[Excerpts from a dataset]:
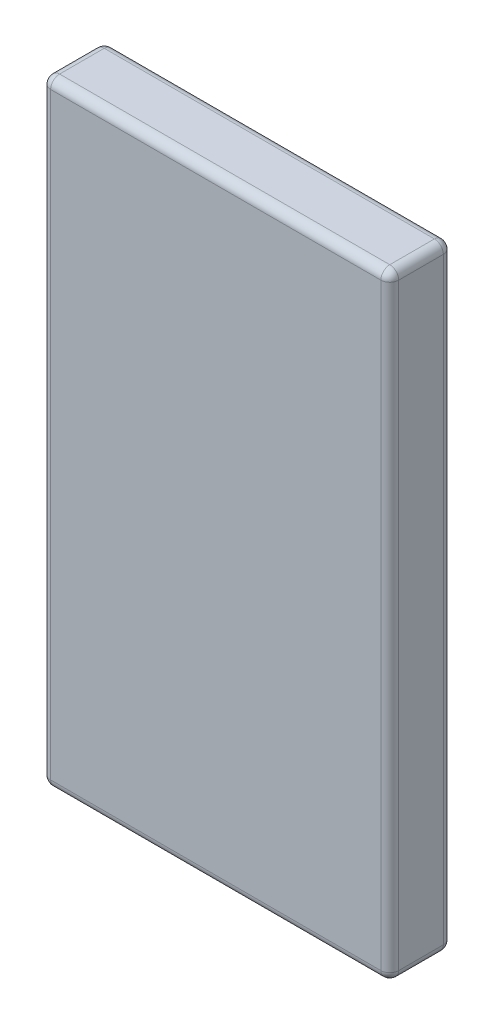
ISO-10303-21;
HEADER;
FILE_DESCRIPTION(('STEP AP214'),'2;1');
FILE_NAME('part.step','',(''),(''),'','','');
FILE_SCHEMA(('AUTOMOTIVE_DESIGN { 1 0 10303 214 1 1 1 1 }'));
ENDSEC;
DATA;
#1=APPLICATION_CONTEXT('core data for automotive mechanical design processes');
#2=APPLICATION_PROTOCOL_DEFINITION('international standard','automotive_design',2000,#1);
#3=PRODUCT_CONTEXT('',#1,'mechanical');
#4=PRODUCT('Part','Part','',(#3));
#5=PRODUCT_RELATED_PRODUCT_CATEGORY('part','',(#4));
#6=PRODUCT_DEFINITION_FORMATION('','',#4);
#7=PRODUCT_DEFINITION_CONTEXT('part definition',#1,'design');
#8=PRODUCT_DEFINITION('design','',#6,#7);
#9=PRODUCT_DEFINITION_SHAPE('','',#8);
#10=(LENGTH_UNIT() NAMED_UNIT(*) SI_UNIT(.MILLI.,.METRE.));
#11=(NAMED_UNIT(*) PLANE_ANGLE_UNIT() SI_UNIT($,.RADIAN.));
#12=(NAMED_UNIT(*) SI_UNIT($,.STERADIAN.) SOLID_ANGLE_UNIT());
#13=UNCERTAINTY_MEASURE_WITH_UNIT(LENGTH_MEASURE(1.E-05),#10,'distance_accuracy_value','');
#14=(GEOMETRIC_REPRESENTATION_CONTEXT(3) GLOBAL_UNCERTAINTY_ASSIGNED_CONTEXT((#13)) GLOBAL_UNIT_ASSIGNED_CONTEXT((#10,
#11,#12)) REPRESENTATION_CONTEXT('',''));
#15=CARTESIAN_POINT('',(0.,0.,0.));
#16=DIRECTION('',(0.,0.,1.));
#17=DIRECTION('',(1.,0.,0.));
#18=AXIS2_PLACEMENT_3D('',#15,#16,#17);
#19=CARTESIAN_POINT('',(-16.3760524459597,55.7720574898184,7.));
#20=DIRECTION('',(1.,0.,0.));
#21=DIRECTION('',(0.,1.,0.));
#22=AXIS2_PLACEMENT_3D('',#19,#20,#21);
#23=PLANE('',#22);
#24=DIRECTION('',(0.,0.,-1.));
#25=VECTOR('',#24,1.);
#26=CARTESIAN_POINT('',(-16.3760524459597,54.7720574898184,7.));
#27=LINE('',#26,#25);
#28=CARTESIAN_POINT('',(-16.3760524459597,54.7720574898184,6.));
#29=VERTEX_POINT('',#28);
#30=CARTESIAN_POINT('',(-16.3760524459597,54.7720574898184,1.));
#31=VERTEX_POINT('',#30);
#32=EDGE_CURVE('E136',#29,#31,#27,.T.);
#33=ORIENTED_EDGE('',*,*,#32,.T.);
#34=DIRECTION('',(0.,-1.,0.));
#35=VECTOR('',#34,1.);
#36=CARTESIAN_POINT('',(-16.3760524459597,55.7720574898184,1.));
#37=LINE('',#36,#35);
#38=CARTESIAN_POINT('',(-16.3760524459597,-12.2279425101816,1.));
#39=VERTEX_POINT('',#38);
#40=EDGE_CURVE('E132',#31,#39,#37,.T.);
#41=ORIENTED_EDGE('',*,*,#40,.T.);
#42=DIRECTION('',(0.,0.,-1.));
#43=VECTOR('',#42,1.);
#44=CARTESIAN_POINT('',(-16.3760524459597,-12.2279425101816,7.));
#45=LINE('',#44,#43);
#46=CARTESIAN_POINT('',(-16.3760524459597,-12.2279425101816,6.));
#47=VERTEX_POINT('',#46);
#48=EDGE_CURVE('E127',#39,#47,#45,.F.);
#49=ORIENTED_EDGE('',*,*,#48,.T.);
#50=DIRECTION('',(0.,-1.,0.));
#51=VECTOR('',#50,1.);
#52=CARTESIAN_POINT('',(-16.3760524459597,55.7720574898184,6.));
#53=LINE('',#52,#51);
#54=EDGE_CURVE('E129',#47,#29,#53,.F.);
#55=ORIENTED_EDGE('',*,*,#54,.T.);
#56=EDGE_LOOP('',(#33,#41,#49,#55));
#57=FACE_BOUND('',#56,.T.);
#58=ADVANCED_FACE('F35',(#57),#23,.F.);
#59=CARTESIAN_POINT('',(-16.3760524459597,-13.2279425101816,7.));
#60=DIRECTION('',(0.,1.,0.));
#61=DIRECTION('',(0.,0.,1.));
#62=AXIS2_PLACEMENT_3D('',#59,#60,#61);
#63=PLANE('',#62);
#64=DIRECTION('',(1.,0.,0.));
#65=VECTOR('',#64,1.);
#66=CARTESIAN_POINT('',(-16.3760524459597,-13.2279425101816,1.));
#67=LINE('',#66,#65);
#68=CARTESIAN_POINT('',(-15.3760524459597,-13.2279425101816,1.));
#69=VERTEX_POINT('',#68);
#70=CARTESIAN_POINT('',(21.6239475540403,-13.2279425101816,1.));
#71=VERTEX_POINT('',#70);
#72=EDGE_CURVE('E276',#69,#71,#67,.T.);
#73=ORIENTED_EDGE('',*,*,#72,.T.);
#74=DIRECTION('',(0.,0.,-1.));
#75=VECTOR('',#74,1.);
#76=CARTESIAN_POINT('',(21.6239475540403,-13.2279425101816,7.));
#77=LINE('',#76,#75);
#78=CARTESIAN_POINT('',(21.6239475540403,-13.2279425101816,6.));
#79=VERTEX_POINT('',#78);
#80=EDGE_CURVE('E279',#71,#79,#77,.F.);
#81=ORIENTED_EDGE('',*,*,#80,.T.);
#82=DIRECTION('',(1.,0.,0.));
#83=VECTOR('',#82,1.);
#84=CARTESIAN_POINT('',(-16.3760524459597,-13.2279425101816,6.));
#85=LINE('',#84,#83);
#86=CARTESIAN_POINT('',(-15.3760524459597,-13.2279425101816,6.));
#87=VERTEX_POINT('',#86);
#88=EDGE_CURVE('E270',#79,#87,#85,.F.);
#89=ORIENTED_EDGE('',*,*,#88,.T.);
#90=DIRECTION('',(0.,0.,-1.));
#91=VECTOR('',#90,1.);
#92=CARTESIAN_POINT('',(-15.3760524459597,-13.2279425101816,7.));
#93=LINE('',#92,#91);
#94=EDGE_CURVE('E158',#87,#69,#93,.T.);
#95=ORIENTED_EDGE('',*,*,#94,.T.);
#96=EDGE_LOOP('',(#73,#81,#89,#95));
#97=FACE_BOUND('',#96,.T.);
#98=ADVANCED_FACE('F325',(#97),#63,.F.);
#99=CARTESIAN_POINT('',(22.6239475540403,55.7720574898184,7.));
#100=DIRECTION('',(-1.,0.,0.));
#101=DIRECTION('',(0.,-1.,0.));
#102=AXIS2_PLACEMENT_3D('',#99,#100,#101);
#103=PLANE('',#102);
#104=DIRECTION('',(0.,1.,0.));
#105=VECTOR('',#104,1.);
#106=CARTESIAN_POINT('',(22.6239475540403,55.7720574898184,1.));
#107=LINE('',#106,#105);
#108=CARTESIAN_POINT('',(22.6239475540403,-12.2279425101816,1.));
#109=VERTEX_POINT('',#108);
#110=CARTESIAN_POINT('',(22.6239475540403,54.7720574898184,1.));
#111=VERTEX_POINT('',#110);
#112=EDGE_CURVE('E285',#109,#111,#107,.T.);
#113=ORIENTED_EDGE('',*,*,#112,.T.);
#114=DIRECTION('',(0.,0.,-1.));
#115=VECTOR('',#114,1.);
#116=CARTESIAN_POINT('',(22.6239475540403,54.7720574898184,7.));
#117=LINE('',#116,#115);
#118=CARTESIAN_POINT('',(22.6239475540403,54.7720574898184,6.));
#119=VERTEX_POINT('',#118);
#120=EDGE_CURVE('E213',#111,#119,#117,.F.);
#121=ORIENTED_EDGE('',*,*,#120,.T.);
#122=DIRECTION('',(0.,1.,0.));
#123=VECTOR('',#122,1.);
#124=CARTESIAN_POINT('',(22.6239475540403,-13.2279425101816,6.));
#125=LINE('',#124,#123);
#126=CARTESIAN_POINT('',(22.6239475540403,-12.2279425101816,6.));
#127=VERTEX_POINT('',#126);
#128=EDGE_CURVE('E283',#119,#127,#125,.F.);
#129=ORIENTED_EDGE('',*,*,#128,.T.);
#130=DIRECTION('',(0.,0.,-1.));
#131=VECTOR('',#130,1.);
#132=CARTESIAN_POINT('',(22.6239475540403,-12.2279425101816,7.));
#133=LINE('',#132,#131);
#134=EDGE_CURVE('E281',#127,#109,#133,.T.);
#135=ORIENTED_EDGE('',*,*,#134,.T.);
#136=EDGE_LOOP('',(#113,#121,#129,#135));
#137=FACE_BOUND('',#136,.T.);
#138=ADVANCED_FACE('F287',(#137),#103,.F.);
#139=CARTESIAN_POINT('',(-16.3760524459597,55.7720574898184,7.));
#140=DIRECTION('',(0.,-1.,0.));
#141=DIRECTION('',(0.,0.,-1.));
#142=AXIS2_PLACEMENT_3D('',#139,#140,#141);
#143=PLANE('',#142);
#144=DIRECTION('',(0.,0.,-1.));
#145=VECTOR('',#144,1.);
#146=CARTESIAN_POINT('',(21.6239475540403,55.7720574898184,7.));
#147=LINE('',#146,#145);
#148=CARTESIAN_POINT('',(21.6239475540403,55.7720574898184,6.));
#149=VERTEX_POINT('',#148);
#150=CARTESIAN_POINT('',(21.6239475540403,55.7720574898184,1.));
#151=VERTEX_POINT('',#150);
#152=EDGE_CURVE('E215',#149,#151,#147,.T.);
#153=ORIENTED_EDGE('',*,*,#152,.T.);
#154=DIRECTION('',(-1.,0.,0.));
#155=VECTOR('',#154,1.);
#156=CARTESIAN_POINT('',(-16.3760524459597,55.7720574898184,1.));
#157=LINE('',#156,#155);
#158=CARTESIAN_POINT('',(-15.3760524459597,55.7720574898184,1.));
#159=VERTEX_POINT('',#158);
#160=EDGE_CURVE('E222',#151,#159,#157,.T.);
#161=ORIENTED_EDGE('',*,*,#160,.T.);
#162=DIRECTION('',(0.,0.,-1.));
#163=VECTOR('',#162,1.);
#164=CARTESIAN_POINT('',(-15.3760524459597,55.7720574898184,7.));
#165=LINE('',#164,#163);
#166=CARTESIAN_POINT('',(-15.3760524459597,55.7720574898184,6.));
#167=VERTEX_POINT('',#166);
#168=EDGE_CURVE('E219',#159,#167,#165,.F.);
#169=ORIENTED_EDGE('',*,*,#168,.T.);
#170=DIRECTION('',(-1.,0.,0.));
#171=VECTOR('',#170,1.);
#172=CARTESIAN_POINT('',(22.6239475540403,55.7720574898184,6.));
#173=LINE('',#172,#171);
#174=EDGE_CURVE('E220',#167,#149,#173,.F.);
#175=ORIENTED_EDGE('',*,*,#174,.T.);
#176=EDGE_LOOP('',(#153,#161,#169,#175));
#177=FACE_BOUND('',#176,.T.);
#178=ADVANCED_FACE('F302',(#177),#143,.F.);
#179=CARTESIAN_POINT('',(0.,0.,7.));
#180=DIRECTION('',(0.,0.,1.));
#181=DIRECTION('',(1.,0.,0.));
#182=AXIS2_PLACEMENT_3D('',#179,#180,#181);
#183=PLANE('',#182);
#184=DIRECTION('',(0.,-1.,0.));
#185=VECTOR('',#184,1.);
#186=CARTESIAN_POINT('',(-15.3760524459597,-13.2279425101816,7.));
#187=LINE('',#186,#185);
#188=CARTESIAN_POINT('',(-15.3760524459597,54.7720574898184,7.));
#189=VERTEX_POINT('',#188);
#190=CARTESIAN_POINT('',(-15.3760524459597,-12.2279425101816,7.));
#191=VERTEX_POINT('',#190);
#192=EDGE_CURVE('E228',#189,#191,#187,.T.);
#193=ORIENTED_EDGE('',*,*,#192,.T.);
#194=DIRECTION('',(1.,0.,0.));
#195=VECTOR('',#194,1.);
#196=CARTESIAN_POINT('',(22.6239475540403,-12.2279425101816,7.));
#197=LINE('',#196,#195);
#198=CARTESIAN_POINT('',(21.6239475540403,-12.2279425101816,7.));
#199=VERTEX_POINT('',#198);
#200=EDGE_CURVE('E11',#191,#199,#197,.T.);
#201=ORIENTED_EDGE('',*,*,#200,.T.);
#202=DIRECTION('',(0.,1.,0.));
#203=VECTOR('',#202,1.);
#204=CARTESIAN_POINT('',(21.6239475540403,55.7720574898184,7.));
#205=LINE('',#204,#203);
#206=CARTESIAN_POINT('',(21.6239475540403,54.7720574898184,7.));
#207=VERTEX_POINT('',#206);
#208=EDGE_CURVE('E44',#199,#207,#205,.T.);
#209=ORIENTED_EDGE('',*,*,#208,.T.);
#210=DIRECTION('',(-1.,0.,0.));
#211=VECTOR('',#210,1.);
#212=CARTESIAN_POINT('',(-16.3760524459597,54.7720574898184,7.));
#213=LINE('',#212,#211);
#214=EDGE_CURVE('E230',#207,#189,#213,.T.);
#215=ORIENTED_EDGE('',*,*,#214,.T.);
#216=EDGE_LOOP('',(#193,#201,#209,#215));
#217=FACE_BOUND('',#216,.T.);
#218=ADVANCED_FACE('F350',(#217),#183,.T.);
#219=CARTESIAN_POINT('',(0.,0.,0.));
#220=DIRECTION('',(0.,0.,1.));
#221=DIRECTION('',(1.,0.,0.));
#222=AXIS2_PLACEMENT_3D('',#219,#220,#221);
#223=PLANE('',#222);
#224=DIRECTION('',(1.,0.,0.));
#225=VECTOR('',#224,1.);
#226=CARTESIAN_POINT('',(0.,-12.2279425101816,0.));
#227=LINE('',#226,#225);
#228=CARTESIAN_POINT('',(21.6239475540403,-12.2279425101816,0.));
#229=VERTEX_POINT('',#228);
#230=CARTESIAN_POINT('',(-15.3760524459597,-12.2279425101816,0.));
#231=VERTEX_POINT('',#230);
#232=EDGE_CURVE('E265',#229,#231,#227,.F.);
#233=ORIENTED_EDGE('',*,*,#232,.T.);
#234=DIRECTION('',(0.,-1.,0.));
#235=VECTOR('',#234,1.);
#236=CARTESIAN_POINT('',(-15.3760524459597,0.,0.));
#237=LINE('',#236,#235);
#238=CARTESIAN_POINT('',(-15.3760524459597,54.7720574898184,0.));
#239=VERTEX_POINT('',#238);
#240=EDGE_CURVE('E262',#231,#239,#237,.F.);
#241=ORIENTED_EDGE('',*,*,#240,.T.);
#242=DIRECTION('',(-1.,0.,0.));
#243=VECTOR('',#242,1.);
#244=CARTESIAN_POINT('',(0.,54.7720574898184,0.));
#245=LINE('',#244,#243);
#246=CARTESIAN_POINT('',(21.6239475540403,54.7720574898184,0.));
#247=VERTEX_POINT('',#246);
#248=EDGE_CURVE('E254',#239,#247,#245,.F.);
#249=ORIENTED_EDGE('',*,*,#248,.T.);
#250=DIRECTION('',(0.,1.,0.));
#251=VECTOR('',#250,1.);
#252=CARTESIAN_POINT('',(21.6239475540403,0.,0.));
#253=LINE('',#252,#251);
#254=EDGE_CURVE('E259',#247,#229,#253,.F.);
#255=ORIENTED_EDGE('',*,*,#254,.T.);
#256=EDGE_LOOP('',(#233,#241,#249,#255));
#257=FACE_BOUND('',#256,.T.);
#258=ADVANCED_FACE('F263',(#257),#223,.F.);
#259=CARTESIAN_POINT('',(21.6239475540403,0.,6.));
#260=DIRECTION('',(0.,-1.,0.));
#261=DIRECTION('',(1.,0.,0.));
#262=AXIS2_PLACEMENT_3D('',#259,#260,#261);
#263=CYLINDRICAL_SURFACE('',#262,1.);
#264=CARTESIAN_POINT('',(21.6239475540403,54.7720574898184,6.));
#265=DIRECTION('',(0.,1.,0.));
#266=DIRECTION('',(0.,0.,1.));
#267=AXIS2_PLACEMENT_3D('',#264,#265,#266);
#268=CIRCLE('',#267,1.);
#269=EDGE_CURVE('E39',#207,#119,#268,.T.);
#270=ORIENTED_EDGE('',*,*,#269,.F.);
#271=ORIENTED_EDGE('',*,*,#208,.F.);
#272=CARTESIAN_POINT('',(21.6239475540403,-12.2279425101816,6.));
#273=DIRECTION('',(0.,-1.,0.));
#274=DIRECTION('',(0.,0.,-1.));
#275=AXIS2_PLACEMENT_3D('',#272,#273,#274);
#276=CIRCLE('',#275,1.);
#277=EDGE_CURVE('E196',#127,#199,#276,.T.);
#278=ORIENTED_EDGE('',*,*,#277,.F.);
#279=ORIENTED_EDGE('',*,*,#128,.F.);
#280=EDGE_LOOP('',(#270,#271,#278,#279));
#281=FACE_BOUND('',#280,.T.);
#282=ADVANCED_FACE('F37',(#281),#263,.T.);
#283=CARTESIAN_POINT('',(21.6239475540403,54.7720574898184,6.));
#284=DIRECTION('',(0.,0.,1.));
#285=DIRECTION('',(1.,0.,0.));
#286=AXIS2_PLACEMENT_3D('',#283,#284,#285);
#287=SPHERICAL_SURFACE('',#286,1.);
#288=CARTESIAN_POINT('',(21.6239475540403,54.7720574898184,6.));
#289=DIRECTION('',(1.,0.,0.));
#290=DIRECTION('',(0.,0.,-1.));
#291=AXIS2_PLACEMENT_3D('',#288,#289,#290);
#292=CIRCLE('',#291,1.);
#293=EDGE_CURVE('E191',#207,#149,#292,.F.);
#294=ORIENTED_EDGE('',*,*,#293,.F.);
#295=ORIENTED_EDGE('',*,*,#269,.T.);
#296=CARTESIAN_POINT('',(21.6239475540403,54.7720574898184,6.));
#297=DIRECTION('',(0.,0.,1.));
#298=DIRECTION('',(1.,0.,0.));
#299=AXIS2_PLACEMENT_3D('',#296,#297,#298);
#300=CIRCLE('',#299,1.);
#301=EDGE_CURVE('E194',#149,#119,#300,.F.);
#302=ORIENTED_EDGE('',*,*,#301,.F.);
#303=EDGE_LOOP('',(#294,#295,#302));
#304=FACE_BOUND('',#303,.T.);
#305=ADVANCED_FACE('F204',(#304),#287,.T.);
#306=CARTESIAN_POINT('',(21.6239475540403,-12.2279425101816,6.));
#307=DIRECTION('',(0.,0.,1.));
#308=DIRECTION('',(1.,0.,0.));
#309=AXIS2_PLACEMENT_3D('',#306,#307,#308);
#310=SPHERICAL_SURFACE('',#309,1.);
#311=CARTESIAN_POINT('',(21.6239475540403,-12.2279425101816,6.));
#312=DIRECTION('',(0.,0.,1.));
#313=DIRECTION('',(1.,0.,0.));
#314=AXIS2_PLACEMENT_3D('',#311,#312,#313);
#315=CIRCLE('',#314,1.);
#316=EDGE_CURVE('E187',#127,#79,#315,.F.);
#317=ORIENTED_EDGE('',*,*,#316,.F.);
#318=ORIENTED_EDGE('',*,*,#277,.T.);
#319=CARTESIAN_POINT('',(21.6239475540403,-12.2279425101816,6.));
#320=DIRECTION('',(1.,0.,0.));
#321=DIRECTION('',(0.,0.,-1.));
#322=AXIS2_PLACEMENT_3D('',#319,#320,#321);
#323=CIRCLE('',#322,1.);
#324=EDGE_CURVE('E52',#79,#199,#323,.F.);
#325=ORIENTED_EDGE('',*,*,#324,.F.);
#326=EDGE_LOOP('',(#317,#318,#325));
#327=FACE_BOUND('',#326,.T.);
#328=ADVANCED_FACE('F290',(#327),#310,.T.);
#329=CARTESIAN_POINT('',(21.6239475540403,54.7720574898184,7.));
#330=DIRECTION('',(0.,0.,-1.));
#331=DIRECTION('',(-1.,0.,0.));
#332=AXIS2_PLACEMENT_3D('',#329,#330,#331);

[YOUR ASSIGNMENT]:
Going back to the entries above, set down exactly the lines that begin at the one with "#31=VERTEX_POINT('',#30);" and end at the one with "#55=ORIENTED_EDGE('',*,*,#54,.T.);", both included, and nothing else.

[TASK SOLUTION]:
#31=VERTEX_POINT('',#30);
#32=EDGE_CURVE('E136',#29,#31,#27,.T.);
#33=ORIENTED_EDGE('',*,*,#32,.T.);
#34=DIRECTION('',(0.,-1.,0.));
#35=VECTOR('',#34,1.);
#36=CARTESIAN_POINT('',(-16.3760524459597,55.7720574898184,1.));
#37=LINE('',#36,#35);
#38=CARTESIAN_POINT('',(-16.3760524459597,-12.2279425101816,1.));
#39=VERTEX_POINT('',#38);
#40=EDGE_CURVE('E132',#31,#39,#37,.T.);
#41=ORIENTED_EDGE('',*,*,#40,.T.);
#42=DIRECTION('',(0.,0.,-1.));
#43=VECTOR('',#42,1.);
#44=CARTESIAN_POINT('',(-16.3760524459597,-12.2279425101816,7.));
#45=LINE('',#44,#43);
#46=CARTESIAN_POINT('',(-16.3760524459597,-12.2279425101816,6.));
#47=VERTEX_POINT('',#46);
#48=EDGE_CURVE('E127',#39,#47,#45,.F.);
#49=ORIENTED_EDGE('',*,*,#48,.T.);
#50=DIRECTION('',(0.,-1.,0.));
#51=VECTOR('',#50,1.);
#52=CARTESIAN_POINT('',(-16.3760524459597,55.7720574898184,6.));
#53=LINE('',#52,#51);
#54=EDGE_CURVE('E129',#47,#29,#53,.F.);
#55=ORIENTED_EDGE('',*,*,#54,.T.);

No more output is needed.